Despite its radical departure from mainstream general-purpose processor design, Cell is particularly compelling because it will be produced at such high volumes that it could be cost-competitive with commodity CPUs. At the same time, the slowing pace of commodity microprocessor clock rates and increasing chip power demands have become a concern to computational scientists, encouraging the community to consider alternatives like STI Cell. The authors examined the potential of using the forthcoming STI Cell processor as a building block for future high-end parallel systems by investigating performance across several key scientific computing kernels: dense matrix multiply, sparse matrix vector multiply, stencil computations on regular grids, as well as 1D and 2D fast Fourier transformations.
According to the authors, the current implementation of Cell is most often noted for its extremely high performance single-precision (32-bit) floating performance, but the majority of scientific applications require double precision (64-bit). Although Cell’s peak double-precision performance is still impressive relative to its commodity peers (eight SPEs at 3.2 GHz = 14.6 Gflop/s), the group quantified how modest hardware changes, which they named Cell+, could improve double-precision performance.
The authors developed a performance model for Cell and used it to show direct comparisons of Cell with the AMD Opteron, Intel Itanium2 and Cray X1 architectures. The performance model was then used to guide implementation development that was run on IBM’s Full System Simulator in order to provide even more accurate performance estimates.

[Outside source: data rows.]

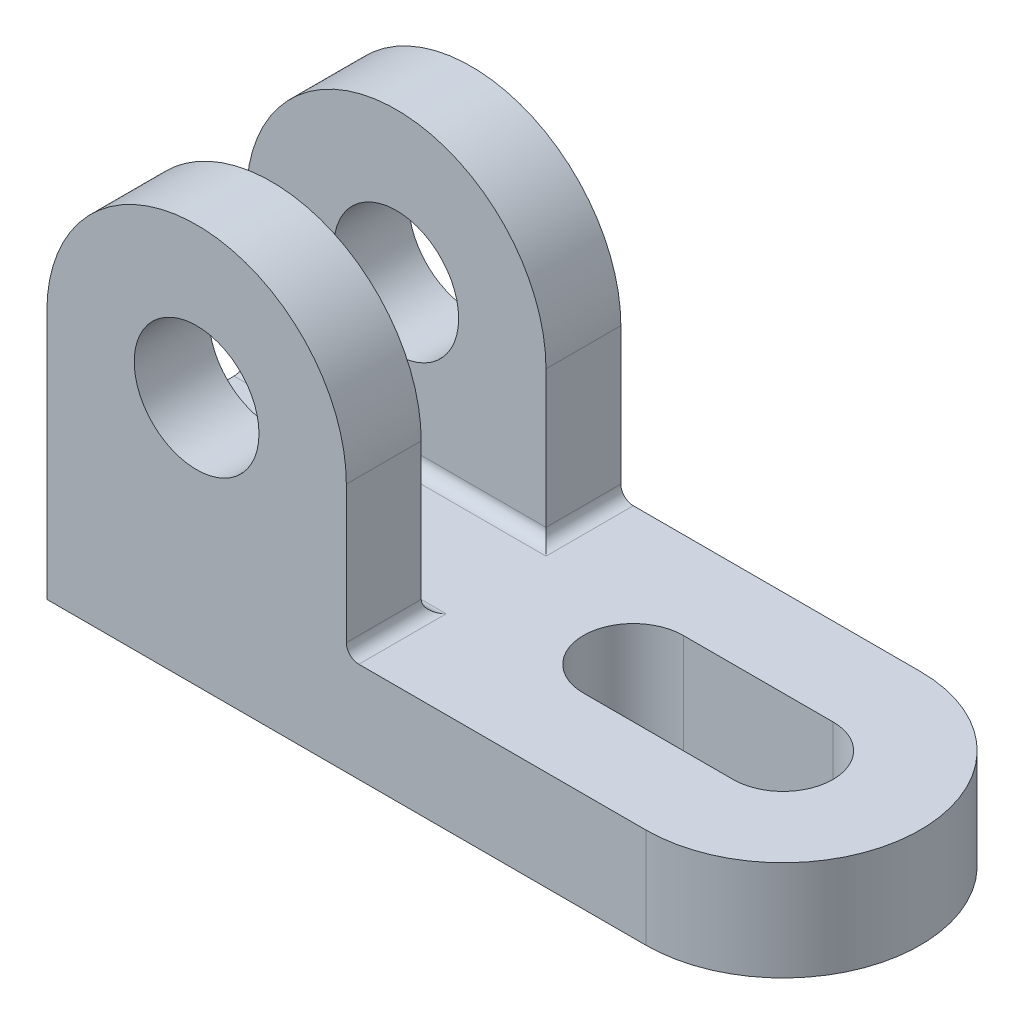
ISO-10303-21;
HEADER;
FILE_DESCRIPTION(('STEP AP214'),'2;1');
FILE_NAME('part.step','',(''),(''),'','','');
FILE_SCHEMA(('AUTOMOTIVE_DESIGN { 1 0 10303 214 1 1 1 1 }'));
ENDSEC;
DATA;
#1=APPLICATION_CONTEXT('core data for automotive mechanical design processes');
#2=APPLICATION_PROTOCOL_DEFINITION('international standard','automotive_design',2000,#1);
#3=PRODUCT_CONTEXT('',#1,'mechanical');
#4=PRODUCT('Part','Part','',(#3));
#5=PRODUCT_RELATED_PRODUCT_CATEGORY('part','',(#4));
#6=PRODUCT_DEFINITION_FORMATION('','',#4);
#7=PRODUCT_DEFINITION_CONTEXT('part definition',#1,'design');
#8=PRODUCT_DEFINITION('design','',#6,#7);
#9=PRODUCT_DEFINITION_SHAPE('','',#8);
#10=(LENGTH_UNIT() NAMED_UNIT(*) SI_UNIT(.MILLI.,.METRE.));
#11=(NAMED_UNIT(*) PLANE_ANGLE_UNIT() SI_UNIT($,.RADIAN.));
#12=(NAMED_UNIT(*) SI_UNIT($,.STERADIAN.) SOLID_ANGLE_UNIT());
#13=UNCERTAINTY_MEASURE_WITH_UNIT(LENGTH_MEASURE(1.E-05),#10,'distance_accuracy_value','');
#14=(GEOMETRIC_REPRESENTATION_CONTEXT(3) GLOBAL_UNCERTAINTY_ASSIGNED_CONTEXT((#13)) GLOBAL_UNIT_ASSIGNED_CONTEXT((#10,
#11,#12)) REPRESENTATION_CONTEXT('',''));
#15=CARTESIAN_POINT('',(0.,0.,0.));
#16=DIRECTION('',(0.,0.,1.));
#17=DIRECTION('',(1.,0.,0.));
#18=AXIS2_PLACEMENT_3D('',#15,#16,#17);
#19=CARTESIAN_POINT('',(37.,16.,0.));
#20=DIRECTION('',(0.,1.,0.));
#21=DIRECTION('',(0.,0.,1.));
#22=AXIS2_PLACEMENT_3D('',#19,#20,#21);
#23=PLANE('',#22);
#24=CARTESIAN_POINT('',(37.,16.,0.));
#25=DIRECTION('',(0.,1.,0.));
#26=DIRECTION('',(0.,0.,1.));
#27=AXIS2_PLACEMENT_3D('',#24,#25,#26);
#28=CIRCLE('',#27,8.);
#29=CARTESIAN_POINT('',(37.,16.,8.));
#30=VERTEX_POINT('',#29);
#31=CARTESIAN_POINT('',(37.,16.,-8.));
#32=VERTEX_POINT('',#31);
#33=EDGE_CURVE('E208',#30,#32,#28,.T.);
#34=ORIENTED_EDGE('',*,*,#33,.F.);
#35=DIRECTION('',(1.,0.,0.));
#36=VECTOR('',#35,1.);
#37=CARTESIAN_POINT('',(37.,16.,8.));
#38=LINE('',#37,#36);
#39=CARTESIAN_POINT('',(13.,16.,8.));
#40=VERTEX_POINT('',#39);
#41=EDGE_CURVE('E216',#40,#30,#38,.T.);
#42=ORIENTED_EDGE('',*,*,#41,.F.);
#43=CARTESIAN_POINT('',(13.,16.,0.));
#44=DIRECTION('',(0.,1.,0.));
#45=DIRECTION('',(0.,0.,1.));
#46=AXIS2_PLACEMENT_3D('',#43,#44,#45);
#47=CIRCLE('',#46,8.);
#48=CARTESIAN_POINT('',(13.,16.,-8.));
#49=VERTEX_POINT('',#48);
#50=EDGE_CURVE('E213',#49,#40,#47,.T.);
#51=ORIENTED_EDGE('',*,*,#50,.F.);
#52=DIRECTION('',(-1.,0.,0.));
#53=VECTOR('',#52,1.);
#54=CARTESIAN_POINT('',(37.,16.,-7.99999999999999));
#55=LINE('',#54,#53);
#56=EDGE_CURVE('E210',#32,#49,#55,.T.);
#57=ORIENTED_EDGE('',*,*,#56,.F.);
#58=EDGE_LOOP('',(#34,#42,#51,#57));
#59=FACE_BOUND('',#58,.T.);
#60=DIRECTION('',(0.,0.,1.));
#61=VECTOR('',#60,1.);
#62=CARTESIAN_POINT('',(-59.,16.,-22.));
#63=LINE('',#62,#61);
#64=CARTESIAN_POINT('',(-59.,16.,-8.));
#65=VERTEX_POINT('',#64);
#66=CARTESIAN_POINT('',(-59.,16.,8.));
#67=VERTEX_POINT('',#66);
#68=EDGE_CURVE('E232',#65,#67,#63,.T.);
#69=ORIENTED_EDGE('',*,*,#68,.T.);
#70=DIRECTION('',(1.,0.,0.));
#71=VECTOR('',#70,1.);
#72=CARTESIAN_POINT('',(37.,16.,8.));
#73=LINE('',#72,#71);
#74=CARTESIAN_POINT('',(-8.99999999999999,16.,8.));
#75=VERTEX_POINT('',#74);
#76=EDGE_CURVE('E267',#67,#75,#73,.T.);
#77=ORIENTED_EDGE('',*,*,#76,.T.);
#78=DIRECTION('',(0.,0.,-1.));
#79=VECTOR('',#78,1.);
#80=CARTESIAN_POINT('',(-8.99999999999999,16.,22.));
#81=LINE('',#80,#79);
#82=CARTESIAN_POINT('',(-8.99999999999999,16.,22.));
#83=VERTEX_POINT('',#82);
#84=EDGE_CURVE('E265',#75,#83,#81,.F.);
#85=ORIENTED_EDGE('',*,*,#84,.T.);
#86=DIRECTION('',(1.,0.,0.));
#87=VECTOR('',#86,1.);
#88=CARTESIAN_POINT('',(-59.,16.,22.));
#89=LINE('',#88,#87);
#90=CARTESIAN_POINT('',(37.,16.,22.));
#91=VERTEX_POINT('',#90);
#92=EDGE_CURVE('E235',#83,#91,#89,.T.);
#93=ORIENTED_EDGE('',*,*,#92,.T.);
#94=CARTESIAN_POINT('',(37.,16.,0.));
#95=DIRECTION('',(0.,1.,0.));
#96=DIRECTION('',(0.,0.,1.));
#97=AXIS2_PLACEMENT_3D('',#94,#95,#96);
#98=CIRCLE('',#97,22.);
#99=CARTESIAN_POINT('',(37.,16.,-22.));
#100=VERTEX_POINT('',#99);
#101=EDGE_CURVE('E238',#91,#100,#98,.T.);
#102=ORIENTED_EDGE('',*,*,#101,.T.);
#103=DIRECTION('',(-1.,0.,0.));
#104=VECTOR('',#103,1.);
#105=CARTESIAN_POINT('',(-59.,16.,-22.));
#106=LINE('',#105,#104);
#107=CARTESIAN_POINT('',(-8.99999999999999,16.,-22.));
#108=VERTEX_POINT('',#107);
#109=EDGE_CURVE('E240',#100,#108,#106,.T.);
#110=ORIENTED_EDGE('',*,*,#109,.T.);
#111=DIRECTION('',(0.,0.,1.));
#112=VECTOR('',#111,1.);
#113=CARTESIAN_POINT('',(-8.99999999999999,16.,0.));
#114=LINE('',#113,#112);
#115=CARTESIAN_POINT('',(-8.99999999999999,16.,-8.));
#116=VERTEX_POINT('',#115);
#117=EDGE_CURVE('E262',#108,#116,#114,.T.);
#118=ORIENTED_EDGE('',*,*,#117,.T.);
#119=DIRECTION('',(-1.,0.,0.));
#120=VECTOR('',#119,1.);
#121=CARTESIAN_POINT('',(37.,16.,-8.));
#122=LINE('',#121,#120);
#123=EDGE_CURVE('E260',#116,#65,#122,.T.);
#124=ORIENTED_EDGE('',*,*,#123,.T.);
#125=EDGE_LOOP('',(#69,#77,#85,#93,#102,#110,#118,#124));
#126=FACE_BOUND('',#125,.T.);
#127=ADVANCED_FACE('F33',(#59,#126),#23,.T.);
#128=CARTESIAN_POINT('',(-59.,16.,-22.));
#129=DIRECTION('',(1.,0.,0.));
#130=DIRECTION('',(0.,0.,-1.));
#131=AXIS2_PLACEMENT_3D('',#128,#129,#130);
#132=PLANE('',#131);
#133=DIRECTION('',(0.,0.,1.));
#134=VECTOR('',#133,1.);
#135=CARTESIAN_POINT('',(-59.,0.,-22.));
#136=LINE('',#135,#134);
#137=CARTESIAN_POINT('',(-59.,0.,-22.));
#138=VERTEX_POINT('',#137);
#139=CARTESIAN_POINT('',(-59.,0.,22.));
#140=VERTEX_POINT('',#139);
#141=EDGE_CURVE('E231',#138,#140,#136,.T.);
#142=ORIENTED_EDGE('',*,*,#141,.T.);
#143=DIRECTION('',(0.,-1.,0.));
#144=VECTOR('',#143,1.);
#145=CARTESIAN_POINT('',(-59.,16.,22.));
#146=LINE('',#145,#144);
#147=CARTESIAN_POINT('',(-59.,40.,22.));
#148=VERTEX_POINT('',#147);
#149=EDGE_CURVE('E257',#148,#140,#146,.T.);
#150=ORIENTED_EDGE('',*,*,#149,.F.);
#151=DIRECTION('',(0.,0.,1.));
#152=VECTOR('',#151,1.);
#153=CARTESIAN_POINT('',(-59.,40.,10.));
#154=LINE('',#153,#152);
#155=CARTESIAN_POINT('',(-59.,40.,10.));
#156=VERTEX_POINT('',#155);
#157=EDGE_CURVE('E195',#156,#148,#154,.T.);
#158=ORIENTED_EDGE('',*,*,#157,.F.);
#159=DIRECTION('',(0.,1.,0.));
#160=VECTOR('',#159,1.);
#161=CARTESIAN_POINT('',(-59.,0.,10.));
#162=LINE('',#161,#160);
#163=CARTESIAN_POINT('',(-59.,18.,10.));
#164=VERTEX_POINT('',#163);
#165=EDGE_CURVE('E186',#164,#156,#162,.T.);
#166=ORIENTED_EDGE('',*,*,#165,.F.);
#167=CARTESIAN_POINT('',(-59.,18.,8.));
#168=DIRECTION('',(1.,0.,0.));
#169=DIRECTION('',(0.,0.,-1.));
#170=AXIS2_PLACEMENT_3D('',#167,#168,#169);
#171=CIRCLE('',#170,2.);
#172=EDGE_CURVE('E277',#164,#67,#171,.T.);
#173=ORIENTED_EDGE('',*,*,#172,.T.);
#174=ORIENTED_EDGE('',*,*,#68,.F.);
#175=CARTESIAN_POINT('',(-59.,18.,-8.));
#176=DIRECTION('',(1.,0.,0.));
#177=DIRECTION('',(0.,0.,-1.));
#178=AXIS2_PLACEMENT_3D('',#175,#176,#177);
#179=CIRCLE('',#178,2.);
#180=CARTESIAN_POINT('',(-59.,18.,-10.));
#181=VERTEX_POINT('',#180);
#182=EDGE_CURVE('E11',#65,#181,#179,.T.);
#183=ORIENTED_EDGE('',*,*,#182,.T.);
#184=DIRECTION('',(0.,1.,0.));
#185=VECTOR('',#184,1.);
#186=CARTESIAN_POINT('',(-59.,0.,-10.));
#187=LINE('',#186,#185);
#188=CARTESIAN_POINT('',(-59.,40.,-10.));
#189=VERTEX_POINT('',#188);
#190=EDGE_CURVE('E151',#181,#189,#187,.T.);
#191=ORIENTED_EDGE('',*,*,#190,.T.);
#192=DIRECTION('',(0.,0.,-1.));
#193=VECTOR('',#192,1.);
#194=CARTESIAN_POINT('',(-59.,40.,-10.));
#195=LINE('',#194,#193);
#196=CARTESIAN_POINT('',(-59.,40.,-22.));
#197=VERTEX_POINT('',#196);
#198=EDGE_CURVE('E156',#189,#197,#195,.T.);
#199=ORIENTED_EDGE('',*,*,#198,.T.);
#200=DIRECTION('',(0.,-1.,0.));
#201=VECTOR('',#200,1.);
#202=CARTESIAN_POINT('',(-59.,16.,-22.));
#203=LINE('',#202,#201);
#204=EDGE_CURVE('E243',#197,#138,#203,.T.);
#205=ORIENTED_EDGE('',*,*,#204,.T.);
#206=EDGE_LOOP('',(#142,#150,#158,#166,#173,#174,#183,#191,#199,#205));
#207=FACE_BOUND('',#206,.T.);
#208=ADVANCED_FACE('F153',(#207),#132,.F.);
#209=CARTESIAN_POINT('',(-59.,16.,22.));
#210=DIRECTION('',(0.,0.,-1.));
#211=DIRECTION('',(-1.,0.,0.));
#212=AXIS2_PLACEMENT_3D('',#209,#210,#211);
#213=PLANE('',#212);
#214=ORIENTED_EDGE('',*,*,#92,.F.);
#215=CARTESIAN_POINT('',(-8.99999999999999,18.,22.));
#216=DIRECTION('',(0.,0.,-1.));
#217=DIRECTION('',(-1.,0.,0.));
#218=AXIS2_PLACEMENT_3D('',#215,#216,#217);
#219=CIRCLE('',#218,2.);
#220=CARTESIAN_POINT('',(-11.,18.,22.));
#221=VERTEX_POINT('',#220);
#222=EDGE_CURVE('E279',#83,#221,#219,.T.);
#223=ORIENTED_EDGE('',*,*,#222,.T.);
#224=DIRECTION('',(0.,1.,0.));
#225=VECTOR('',#224,1.);
#226=CARTESIAN_POINT('',(-11.,0.,22.));
#227=LINE('',#226,#225);
#228=CARTESIAN_POINT('',(-11.,40.,22.));
#229=VERTEX_POINT('',#228);
#230=EDGE_CURVE('E191',#221,#229,#227,.T.);
#231=ORIENTED_EDGE('',*,*,#230,.T.);
#232=CARTESIAN_POINT('',(-35.,40.,22.));
#233=DIRECTION('',(0.,0.,1.));
#234=DIRECTION('',(1.,0.,0.));
#235=AXIS2_PLACEMENT_3D('',#232,#233,#234);
#236=CIRCLE('',#235,24.);
#237=EDGE_CURVE('E181',#229,#148,#236,.T.);
#238=ORIENTED_EDGE('',*,*,#237,.T.);
#239=ORIENTED_EDGE('',*,*,#149,.T.);
#240=DIRECTION('',(1.,0.,0.));
#241=VECTOR('',#240,1.);
#242=CARTESIAN_POINT('',(-59.,0.,22.));
#243=LINE('',#242,#241);
#244=CARTESIAN_POINT('',(37.,0.,22.));
#245=VERTEX_POINT('',#244);
#246=EDGE_CURVE('E245',#140,#245,#243,.T.);
#247=ORIENTED_EDGE('',*,*,#246,.T.);
#248=DIRECTION('',(0.,-1.,0.));
#249=VECTOR('',#248,1.);
#250=CARTESIAN_POINT('',(37.,16.,22.));
#251=LINE('',#250,#249);
#252=EDGE_CURVE('E254',#91,#245,#251,.T.);
#253=ORIENTED_EDGE('',*,*,#252,.F.);
#254=EDGE_LOOP('',(#214,#223,#231,#238,#239,#247,#253));
#255=FACE_BOUND('',#254,.T.);
#256=CARTESIAN_POINT('',(-35.,40.,22.));
#257=DIRECTION('',(0.,0.,1.));
#258=DIRECTION('',(1.,0.,0.));
#259=AXIS2_PLACEMENT_3D('',#256,#257,#258);
#260=CIRCLE('',#259,10.);
#261=CARTESIAN_POINT('',(-25.,40.,22.));
#262=VERTEX_POINT('',#261);
#263=EDGE_CURVE('E173',#262,#262,#260,.T.);
#264=ORIENTED_EDGE('',*,*,#263,.F.);
#265=EDGE_LOOP('',(#264));
#266=FACE_BOUND('',#265,.T.);
#267=ADVANCED_FACE('F336',(#255,#266),#213,.F.);
#268=CARTESIAN_POINT('',(37.,16.,0.));
#269=DIRECTION('',(0.,-1.,0.));
#270=DIRECTION('',(0.,0.,-1.));
#271=AXIS2_PLACEMENT_3D('',#268,#269,#270);
#272=CYLINDRICAL_SURFACE('',#271,22.);
#273=CARTESIAN_POINT('',(37.,0.,0.));
#274=DIRECTION('',(0.,1.,0.));
#275=DIRECTION('',(0.,0.,1.));
#276=AXIS2_PLACEMENT_3D('',#273,#274,#275);
#277=CIRCLE('',#276,22.);
#278=CARTESIAN_POINT('',(37.,0.,-22.));
#279=VERTEX_POINT('',#278);
#280=EDGE_CURVE('E247',#245,#279,#277,.T.);
#281=ORIENTED_EDGE('',*,*,#280,.T.);
#282=DIRECTION('',(0.,-1.,0.));
#283=VECTOR('',#282,1.);
#284=CARTESIAN_POINT('',(37.,16.,-22.));
#285=LINE('',#284,#283);
#286=EDGE_CURVE('E251',#100,#279,#285,.T.);
#287=ORIENTED_EDGE('',*,*,#286,.F.);
#288=ORIENTED_EDGE('',*,*,#101,.F.);
#289=ORIENTED_EDGE('',*,*,#252,.T.);
#290=EDGE_LOOP('',(#281,#287,#288,#289));
#291=FACE_BOUND('',#290,.T.);
#292=ADVANCED_FACE('F349',(#291),#272,.T.);
#293=CARTESIAN_POINT('',(-59.,16.,-22.));
#294=DIRECTION('',(0.,0.,1.));
#295=DIRECTION('',(1.,0.,0.));
#296=AXIS2_PLACEMENT_3D('',#293,#294,#295);
#297=PLANE('',#296);
#298=ORIENTED_EDGE('',*,*,#204,.F.);
#299=CARTESIAN_POINT('',(-35.,40.,-22.));
#300=DIRECTION('',(0.,0.,1.));
#301=DIRECTION('',(1.,0.,0.));
#302=AXIS2_PLACEMENT_3D('',#299,#300,#301);
#303=CIRCLE('',#302,24.);
#304=CARTESIAN_POINT('',(-11.,40.,-22.));
#305=VERTEX_POINT('',#304);
#306=EDGE_CURVE('E170',#305,#197,#303,.T.);
#307=ORIENTED_EDGE('',*,*,#306,.F.);
#308=DIRECTION('',(0.,1.,0.));
#309=VECTOR('',#308,1.);
#310=CARTESIAN_POINT('',(-11.,0.,-22.));
#311=LINE('',#310,#309);
#312=CARTESIAN_POINT('',(-11.,18.,-22.));
#313=VERTEX_POINT('',#312);
#314=EDGE_CURVE('E289',#313,#305,#311,.T.);
#315=ORIENTED_EDGE('',*,*,#314,.F.);
#316=CARTESIAN_POINT('',(-8.99999999999999,18.,-22.));
#317=DIRECTION('',(0.,0.,1.));
#318=DIRECTION('',(1.,0.,0.));
#319=AXIS2_PLACEMENT_3D('',#316,#317,#318);
#320=CIRCLE('',#319,2.);
#321=EDGE_CURVE('E42',#313,#108,#320,.T.);
#322=ORIENTED_EDGE('',*,*,#321,.T.);
#323=ORIENTED_EDGE('',*,*,#109,.F.);
#324=ORIENTED_EDGE('',*,*,#286,.T.);
#325=DIRECTION('',(-1.,0.,0.));
#326=VECTOR('',#325,1.);
#327=CARTESIAN_POINT('',(-59.,0.,-22.));
#328=LINE('',#327,#326);
#329=EDGE_CURVE('E236',#279,#138,#328,.T.);
#330=ORIENTED_EDGE('',*,*,#329,.T.);
#331=EDGE_LOOP('',(#298,#307,#315,#322,#323,#324,#330));
#332=FACE_BOUND('',#331,.T.);
#333=CARTESIAN_POINT('',(-35.,40.,-22.));
#334=DIRECTION('',(0.,0.,1.));
#335=DIRECTION('',(1.,0.,0.));
#336=AXIS2_PLACEMENT_3D('',#333,#334,#335);
#337=CIRCLE('',#336,10.);
#338=CARTESIAN_POINT('',(-25.,40.,-22.));
#339=VERTEX_POINT('',#338);
#340=EDGE_CURVE('E282',#339,#339,#337,.T.);
#341=ORIENTED_EDGE('',*,*,#340,.T.);
#342=EDGE_LOOP('',(#341));
#343=FACE_BOUND('',#342,.T.);
#344=ADVANCED_FACE('F304',(#332,#343),#297,.F.);
#345=CARTESIAN_POINT('',(37.,0.,0.));
#346=DIRECTION('',(0.,1.,0.));
#347=DIRECTION('',(0.,0.,1.));
#348=AXIS2_PLACEMENT_3D('',#345,#346,#347);
#349=PLANE('',#348);
#350=ORIENTED_EDGE('',*,*,#141,.F.);
#351=ORIENTED_EDGE('',*,*,#329,.F.);
#352=ORIENTED_EDGE('',*,*,#280,.F.);
#353=ORIENTED_EDGE('',*,*,#246,.F.);
#354=EDGE_LOOP('',(#350,#351,#352,#353));
#355=FACE_BOUND('',#354,.T.);
#356=DIRECTION('',(-1.,0.,0.));
#357=VECTOR('',#356,1.);
#358=CARTESIAN_POINT('',(37.,0.,8.));
#359=LINE('',#358,#357);
#360=CARTESIAN_POINT('',(37.,0.,8.));
#361=VERTEX_POINT('',#360);
#362=CARTESIAN_POINT('',(13.,0.,8.));
#363=VERTEX_POINT('',#362);
#364=EDGE_CURVE('E202',#361,#363,#359,.T.);
#365=ORIENTED_EDGE('',*,*,#364,.F.);
#366=CARTESIAN_POINT('',(37.,0.,0.));
#367=DIRECTION('',(0.,1.,0.));
#368=DIRECTION('',(0.,0.,1.));
#369=AXIS2_PLACEMENT_3D('',#366,#367,#368);
#370=CIRCLE('',#369,8.);
#371=CARTESIAN_POINT('',(37.,0.,-7.99999999999999));
#372=VERTEX_POINT('',#371);
#373=EDGE_CURVE('E205',#372,#361,#370,.F.);
#374=ORIENTED_EDGE('',*,*,#373,.F.);
#375=DIRECTION('',(1.,0.,0.));
#376=VECTOR('',#375,1.);
#377=CARTESIAN_POINT('',(37.,0.,-7.99999999999999));
#378=LINE('',#377,#376);
#379=CARTESIAN_POINT('',(13.,0.,-8.));
#380=VERTEX_POINT('',#379);
#381=EDGE_CURVE('E222',#380,#372,#378,.T.);
#382=ORIENTED_EDGE('',*,*,#381,.F.);
#383=CARTESIAN_POINT('',(13.,0.,0.));
#384=DIRECTION('',(0.,1.,0.));
#385=DIRECTION('',(0.,0.,1.));
#386=AXIS2_PLACEMENT_3D('',#383,#384,#385);
#387=CIRCLE('',#386,8.);
#388=EDGE_CURVE('E198',#363,#380,#387,.F.);
#389=ORIENTED_EDGE('',*,*,#388,.F.);
#390=EDGE_LOOP('',(#365,#374,#382,#389));
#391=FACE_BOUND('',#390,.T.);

The authors argue that Cell’s three-level memory architecture, which decouples main memory accesses from computation and is explicitly managed by the software, provides several advantages over mainstream cache-based architectures. First, performance is more predictable, because the load time from an SPE’s local store is constant. Second, long block transfers from off-chip DRAM can achieve a much higher percentage of memory bandwidth than individual cache-line loads. Finally, for predictable memory access patterns, communication and computation can be effectively overlapped by careful scheduling in software.
While their current analysis uses hand-optimized code on a set of small scientific kernels, the results are striking. On average, Cell is eight times faster and at least eight times more power efficient than current Opteron and Itanium processors, despite the fact that Cell’s peak double-precision performance is fourteen times slower than its peak single-precision performance. If Cell were to include at least one fully utilizable pipelined double-precision floating point unit, as proposed in their Cell+ implementation, these speedups would easily double.
The full paper can be read at http://www.cs.berkeley.edu/~samw/projects/cell/CF06.pdf.
Integrated Performance Monitoring tool adopted by other HPC centers
Although supercomputing centers around the country operate different architectures and support separate research communities, they face a common challenge in making the most effective use of resources to maximize productivity. One method for doing this is to analyze the performance of various applications to identify the bottlenecks. Once identified, these performance speedbumps can often be smoothed out to get the application to run faster and improve utilization. This is especially important as applications and architectures scale to thousands or tens of thousands of processors.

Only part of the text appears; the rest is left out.